» GOAL OF THE EXERCISE: Repeat precisely the span of lines below that opens with the line containing "R14: 150k; R0805" and closes with the line containing "R6.1, U$28.P$2 (2)", both included.
SUPPLIED RECORDS Block Start
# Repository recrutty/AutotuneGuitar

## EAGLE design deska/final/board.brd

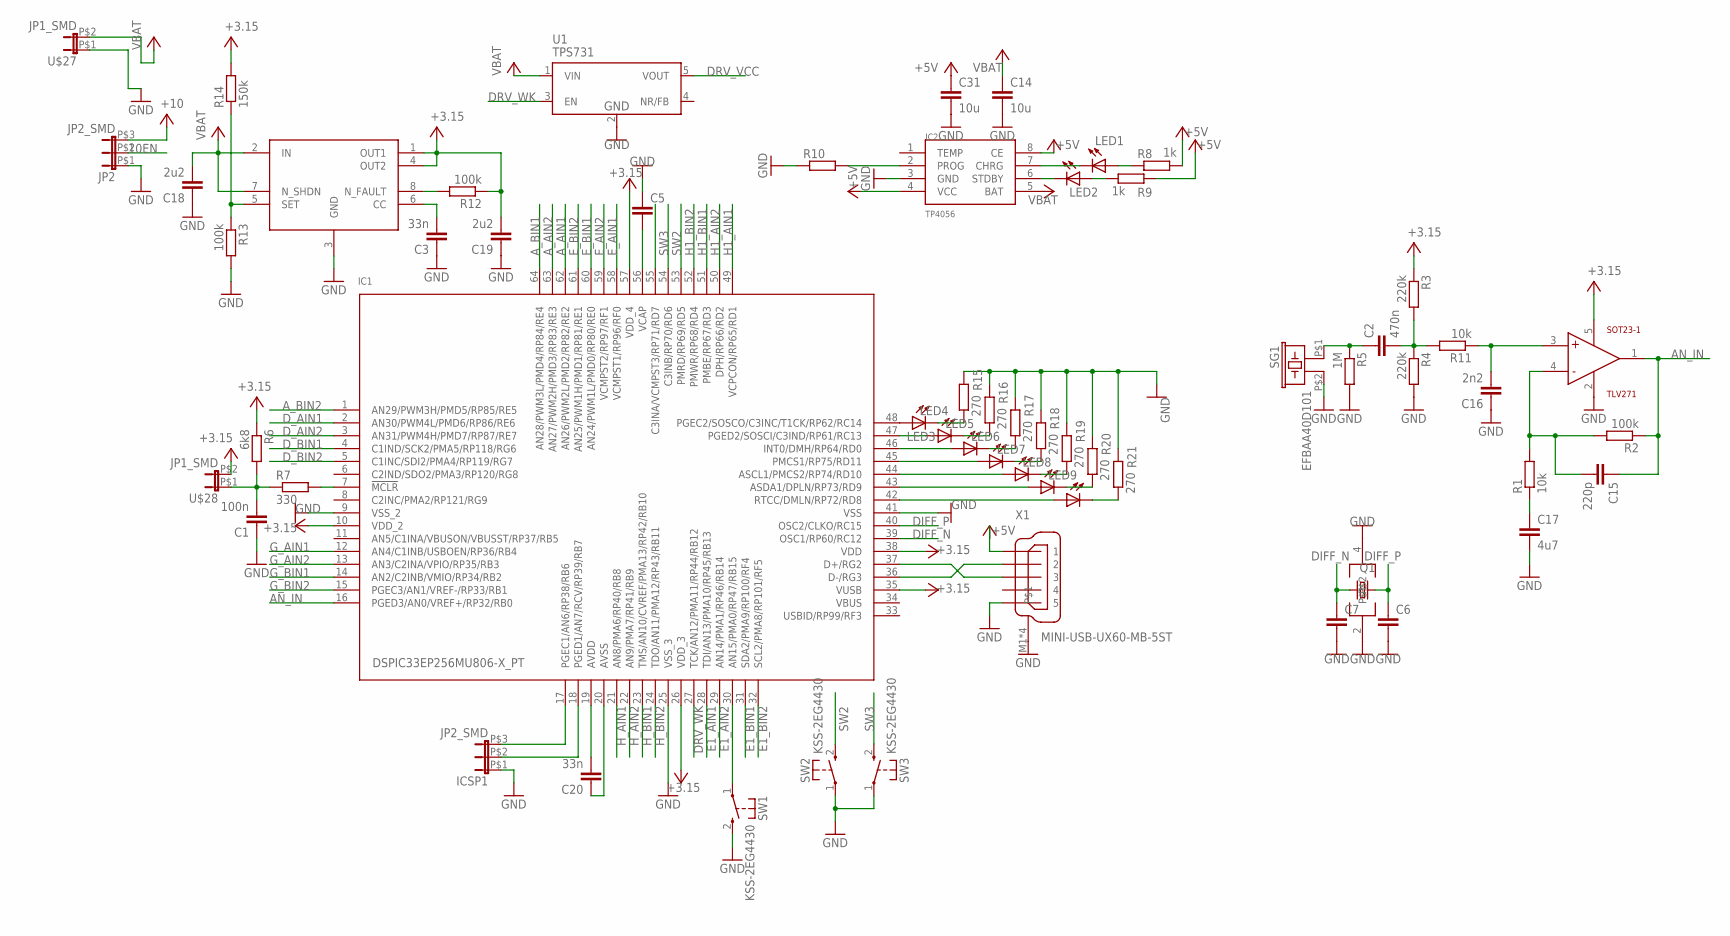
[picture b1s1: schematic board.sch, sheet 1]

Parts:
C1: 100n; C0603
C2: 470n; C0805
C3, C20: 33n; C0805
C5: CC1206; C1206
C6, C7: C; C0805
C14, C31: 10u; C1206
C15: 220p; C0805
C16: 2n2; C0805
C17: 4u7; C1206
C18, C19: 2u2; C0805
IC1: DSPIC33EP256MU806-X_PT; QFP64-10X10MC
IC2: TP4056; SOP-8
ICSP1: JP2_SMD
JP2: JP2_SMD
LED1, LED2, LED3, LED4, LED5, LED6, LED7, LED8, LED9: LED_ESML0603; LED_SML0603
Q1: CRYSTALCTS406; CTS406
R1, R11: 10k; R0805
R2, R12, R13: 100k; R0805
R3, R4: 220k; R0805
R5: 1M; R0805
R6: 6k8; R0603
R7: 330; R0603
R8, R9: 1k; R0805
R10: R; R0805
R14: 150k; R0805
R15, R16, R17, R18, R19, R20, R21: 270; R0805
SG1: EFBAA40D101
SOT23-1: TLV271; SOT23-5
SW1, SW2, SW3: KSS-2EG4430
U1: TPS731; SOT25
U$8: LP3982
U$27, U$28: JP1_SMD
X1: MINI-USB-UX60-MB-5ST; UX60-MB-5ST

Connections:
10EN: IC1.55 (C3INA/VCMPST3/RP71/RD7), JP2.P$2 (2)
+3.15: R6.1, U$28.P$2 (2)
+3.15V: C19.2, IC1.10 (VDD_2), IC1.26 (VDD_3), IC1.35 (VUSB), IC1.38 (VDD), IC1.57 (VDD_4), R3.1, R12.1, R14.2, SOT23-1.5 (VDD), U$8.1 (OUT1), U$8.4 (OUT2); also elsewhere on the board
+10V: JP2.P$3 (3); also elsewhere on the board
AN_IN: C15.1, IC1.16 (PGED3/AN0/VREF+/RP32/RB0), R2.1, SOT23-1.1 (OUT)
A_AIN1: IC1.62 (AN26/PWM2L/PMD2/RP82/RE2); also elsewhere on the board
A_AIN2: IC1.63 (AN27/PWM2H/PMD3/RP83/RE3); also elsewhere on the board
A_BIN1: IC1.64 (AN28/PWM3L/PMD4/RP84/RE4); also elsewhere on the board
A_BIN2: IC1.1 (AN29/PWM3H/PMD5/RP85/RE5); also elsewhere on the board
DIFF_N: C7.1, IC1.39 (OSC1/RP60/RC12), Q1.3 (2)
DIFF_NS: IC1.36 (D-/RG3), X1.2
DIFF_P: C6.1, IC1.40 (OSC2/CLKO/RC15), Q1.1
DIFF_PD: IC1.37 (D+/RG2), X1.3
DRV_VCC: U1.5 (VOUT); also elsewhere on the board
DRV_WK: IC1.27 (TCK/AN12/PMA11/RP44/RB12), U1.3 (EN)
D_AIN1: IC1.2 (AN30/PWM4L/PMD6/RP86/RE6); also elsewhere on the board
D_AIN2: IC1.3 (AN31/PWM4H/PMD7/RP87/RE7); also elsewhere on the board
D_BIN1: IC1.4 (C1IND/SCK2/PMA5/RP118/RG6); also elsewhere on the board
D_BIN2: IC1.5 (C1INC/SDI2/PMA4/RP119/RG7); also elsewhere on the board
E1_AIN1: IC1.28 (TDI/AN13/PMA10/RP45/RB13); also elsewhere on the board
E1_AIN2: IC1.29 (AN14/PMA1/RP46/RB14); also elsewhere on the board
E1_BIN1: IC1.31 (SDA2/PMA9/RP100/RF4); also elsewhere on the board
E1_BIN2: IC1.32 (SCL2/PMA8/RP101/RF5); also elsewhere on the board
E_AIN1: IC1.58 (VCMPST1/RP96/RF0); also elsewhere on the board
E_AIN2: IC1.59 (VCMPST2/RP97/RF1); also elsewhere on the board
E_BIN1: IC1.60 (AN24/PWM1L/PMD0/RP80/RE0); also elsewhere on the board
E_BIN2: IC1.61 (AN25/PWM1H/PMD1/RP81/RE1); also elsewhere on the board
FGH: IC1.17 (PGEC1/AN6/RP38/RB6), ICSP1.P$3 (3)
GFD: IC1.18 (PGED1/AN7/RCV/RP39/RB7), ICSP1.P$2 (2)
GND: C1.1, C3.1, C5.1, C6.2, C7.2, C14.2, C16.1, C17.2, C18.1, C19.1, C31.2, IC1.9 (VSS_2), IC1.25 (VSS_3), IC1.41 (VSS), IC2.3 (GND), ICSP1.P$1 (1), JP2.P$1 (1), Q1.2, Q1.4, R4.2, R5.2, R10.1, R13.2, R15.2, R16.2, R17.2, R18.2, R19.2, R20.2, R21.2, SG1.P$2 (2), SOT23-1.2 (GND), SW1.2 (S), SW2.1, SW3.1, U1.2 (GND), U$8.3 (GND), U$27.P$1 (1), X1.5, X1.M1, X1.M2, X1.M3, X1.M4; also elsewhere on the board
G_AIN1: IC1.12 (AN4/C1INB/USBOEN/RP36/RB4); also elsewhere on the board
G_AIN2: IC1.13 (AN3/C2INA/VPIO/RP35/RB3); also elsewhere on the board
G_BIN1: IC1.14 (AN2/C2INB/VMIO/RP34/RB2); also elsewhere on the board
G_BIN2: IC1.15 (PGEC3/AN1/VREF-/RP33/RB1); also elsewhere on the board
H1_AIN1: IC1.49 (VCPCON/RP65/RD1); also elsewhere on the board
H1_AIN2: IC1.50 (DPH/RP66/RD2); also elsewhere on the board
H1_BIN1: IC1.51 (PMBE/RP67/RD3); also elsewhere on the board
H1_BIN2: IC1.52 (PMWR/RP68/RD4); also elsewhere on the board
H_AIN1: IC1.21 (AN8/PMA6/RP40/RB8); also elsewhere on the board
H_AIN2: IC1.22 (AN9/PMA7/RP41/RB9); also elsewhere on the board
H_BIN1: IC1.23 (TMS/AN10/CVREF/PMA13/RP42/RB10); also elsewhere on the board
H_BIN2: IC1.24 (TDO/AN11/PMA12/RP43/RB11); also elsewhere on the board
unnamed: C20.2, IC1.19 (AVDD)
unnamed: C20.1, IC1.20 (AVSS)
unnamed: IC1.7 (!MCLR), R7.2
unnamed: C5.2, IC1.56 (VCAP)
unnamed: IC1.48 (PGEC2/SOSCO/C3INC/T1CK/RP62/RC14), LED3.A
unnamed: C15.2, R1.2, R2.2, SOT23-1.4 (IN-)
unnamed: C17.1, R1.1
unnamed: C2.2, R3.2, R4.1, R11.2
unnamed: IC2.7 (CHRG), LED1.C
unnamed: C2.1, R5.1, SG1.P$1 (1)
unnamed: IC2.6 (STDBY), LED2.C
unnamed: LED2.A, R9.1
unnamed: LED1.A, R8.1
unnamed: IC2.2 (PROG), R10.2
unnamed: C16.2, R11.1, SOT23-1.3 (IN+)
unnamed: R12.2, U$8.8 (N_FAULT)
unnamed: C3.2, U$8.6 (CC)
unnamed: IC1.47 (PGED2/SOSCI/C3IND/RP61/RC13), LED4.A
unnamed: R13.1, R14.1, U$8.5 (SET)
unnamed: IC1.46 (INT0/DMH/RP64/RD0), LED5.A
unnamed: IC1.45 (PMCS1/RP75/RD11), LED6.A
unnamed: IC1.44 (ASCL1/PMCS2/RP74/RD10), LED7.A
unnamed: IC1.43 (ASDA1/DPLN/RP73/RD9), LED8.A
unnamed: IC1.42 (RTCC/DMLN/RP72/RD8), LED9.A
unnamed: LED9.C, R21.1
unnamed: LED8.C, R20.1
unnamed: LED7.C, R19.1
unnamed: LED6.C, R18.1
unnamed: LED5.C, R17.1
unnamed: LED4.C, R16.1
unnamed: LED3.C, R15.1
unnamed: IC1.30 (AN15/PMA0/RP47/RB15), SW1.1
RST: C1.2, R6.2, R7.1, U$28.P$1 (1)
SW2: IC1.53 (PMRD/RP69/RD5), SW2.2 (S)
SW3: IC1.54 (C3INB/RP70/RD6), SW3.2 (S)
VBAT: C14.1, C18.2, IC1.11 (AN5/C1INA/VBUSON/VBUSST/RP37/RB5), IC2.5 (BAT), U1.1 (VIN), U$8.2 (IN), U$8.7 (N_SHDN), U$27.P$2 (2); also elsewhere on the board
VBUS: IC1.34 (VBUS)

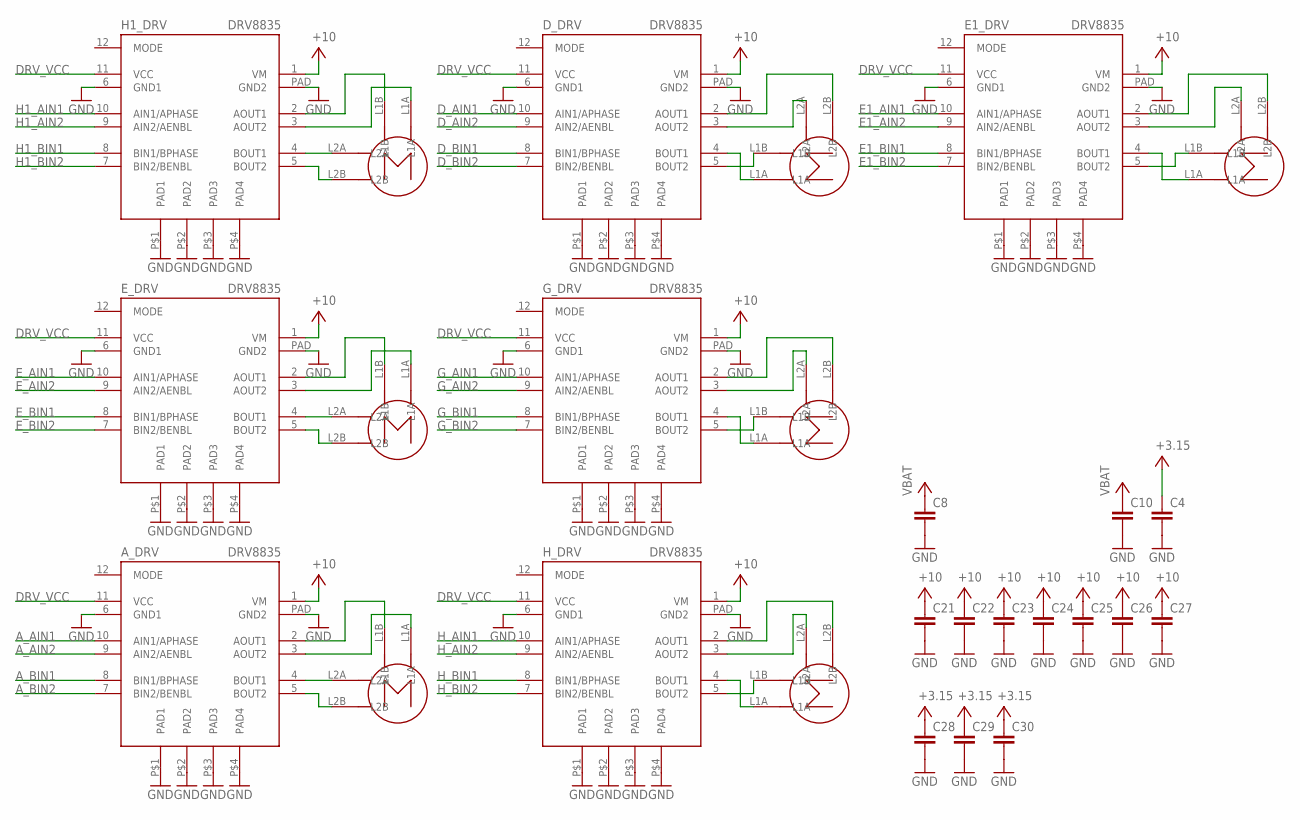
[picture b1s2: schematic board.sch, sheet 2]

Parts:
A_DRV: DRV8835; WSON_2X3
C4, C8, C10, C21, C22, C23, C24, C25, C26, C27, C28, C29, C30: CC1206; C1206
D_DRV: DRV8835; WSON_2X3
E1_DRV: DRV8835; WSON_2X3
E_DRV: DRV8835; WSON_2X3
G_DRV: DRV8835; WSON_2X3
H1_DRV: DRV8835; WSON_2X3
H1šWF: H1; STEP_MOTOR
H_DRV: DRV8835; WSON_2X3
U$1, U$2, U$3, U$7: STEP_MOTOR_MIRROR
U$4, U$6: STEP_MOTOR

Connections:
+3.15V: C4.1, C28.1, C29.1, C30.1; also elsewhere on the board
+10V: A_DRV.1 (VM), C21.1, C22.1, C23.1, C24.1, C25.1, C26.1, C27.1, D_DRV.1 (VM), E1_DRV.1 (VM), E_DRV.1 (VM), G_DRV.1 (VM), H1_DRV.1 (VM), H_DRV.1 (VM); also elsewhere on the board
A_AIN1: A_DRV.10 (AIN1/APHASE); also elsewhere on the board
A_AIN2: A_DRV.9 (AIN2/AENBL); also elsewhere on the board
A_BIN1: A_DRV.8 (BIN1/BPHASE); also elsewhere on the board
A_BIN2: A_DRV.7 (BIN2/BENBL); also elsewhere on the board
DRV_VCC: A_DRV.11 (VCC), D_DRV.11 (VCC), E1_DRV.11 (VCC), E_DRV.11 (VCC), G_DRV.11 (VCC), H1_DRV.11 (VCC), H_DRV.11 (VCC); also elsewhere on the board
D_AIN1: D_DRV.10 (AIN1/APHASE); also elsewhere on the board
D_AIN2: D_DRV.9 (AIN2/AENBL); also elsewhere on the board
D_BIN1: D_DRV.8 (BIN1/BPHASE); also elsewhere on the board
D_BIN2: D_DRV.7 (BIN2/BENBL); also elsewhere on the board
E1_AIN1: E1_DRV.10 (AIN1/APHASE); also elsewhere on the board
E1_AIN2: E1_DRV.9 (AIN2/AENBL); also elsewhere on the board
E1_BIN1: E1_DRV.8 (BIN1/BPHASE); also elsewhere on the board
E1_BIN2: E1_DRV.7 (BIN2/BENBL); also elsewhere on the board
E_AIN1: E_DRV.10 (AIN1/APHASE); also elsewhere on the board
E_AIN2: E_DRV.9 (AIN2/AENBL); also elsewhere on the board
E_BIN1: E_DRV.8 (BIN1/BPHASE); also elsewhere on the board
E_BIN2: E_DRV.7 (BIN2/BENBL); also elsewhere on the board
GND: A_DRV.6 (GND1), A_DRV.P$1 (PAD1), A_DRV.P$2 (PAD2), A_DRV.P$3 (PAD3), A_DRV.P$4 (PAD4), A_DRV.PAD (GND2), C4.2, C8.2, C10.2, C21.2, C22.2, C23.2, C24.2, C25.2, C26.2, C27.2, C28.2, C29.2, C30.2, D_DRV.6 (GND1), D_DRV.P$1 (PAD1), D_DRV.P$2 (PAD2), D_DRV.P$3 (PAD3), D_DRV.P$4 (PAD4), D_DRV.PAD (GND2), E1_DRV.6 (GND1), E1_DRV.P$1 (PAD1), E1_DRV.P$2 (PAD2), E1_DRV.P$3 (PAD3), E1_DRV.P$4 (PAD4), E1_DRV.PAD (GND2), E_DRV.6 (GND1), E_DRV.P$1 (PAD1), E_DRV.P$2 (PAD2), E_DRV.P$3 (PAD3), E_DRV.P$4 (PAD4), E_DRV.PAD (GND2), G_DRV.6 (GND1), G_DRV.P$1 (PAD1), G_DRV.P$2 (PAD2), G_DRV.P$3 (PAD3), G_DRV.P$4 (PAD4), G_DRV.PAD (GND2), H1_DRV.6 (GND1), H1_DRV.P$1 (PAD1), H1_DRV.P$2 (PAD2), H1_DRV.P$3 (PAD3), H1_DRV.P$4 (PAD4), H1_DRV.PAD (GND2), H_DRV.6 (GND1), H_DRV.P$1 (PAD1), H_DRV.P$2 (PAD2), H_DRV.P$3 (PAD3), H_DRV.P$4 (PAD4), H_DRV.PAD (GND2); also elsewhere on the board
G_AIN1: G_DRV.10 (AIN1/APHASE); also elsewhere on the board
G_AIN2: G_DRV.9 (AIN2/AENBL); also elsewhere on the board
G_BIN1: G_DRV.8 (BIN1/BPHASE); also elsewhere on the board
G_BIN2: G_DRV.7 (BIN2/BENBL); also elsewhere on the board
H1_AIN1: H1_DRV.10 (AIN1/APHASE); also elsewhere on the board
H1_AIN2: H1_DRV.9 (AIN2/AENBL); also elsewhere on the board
SUPPLIED RECORDS Block End
» RESPONSE TO THE TASK:
R14: 150k; R0805
R15, R16, R17, R18, R19, R20, R21: 270; R0805
SG1: EFBAA40D101
SOT23-1: TLV271; SOT23-5
SW1, SW2, SW3: KSS-2EG4430
U1: TPS731; SOT25
U$8: LP3982
U$27, U$28: JP1_SMD
X1: MINI-USB-UX60-MB-5ST; UX60-MB-5ST

Connections:
10EN: IC1.55 (C3INA/VCMPST3/RP71/RD7), JP2.P$2 (2)
+3.15: R6.1, U$28.P$2 (2)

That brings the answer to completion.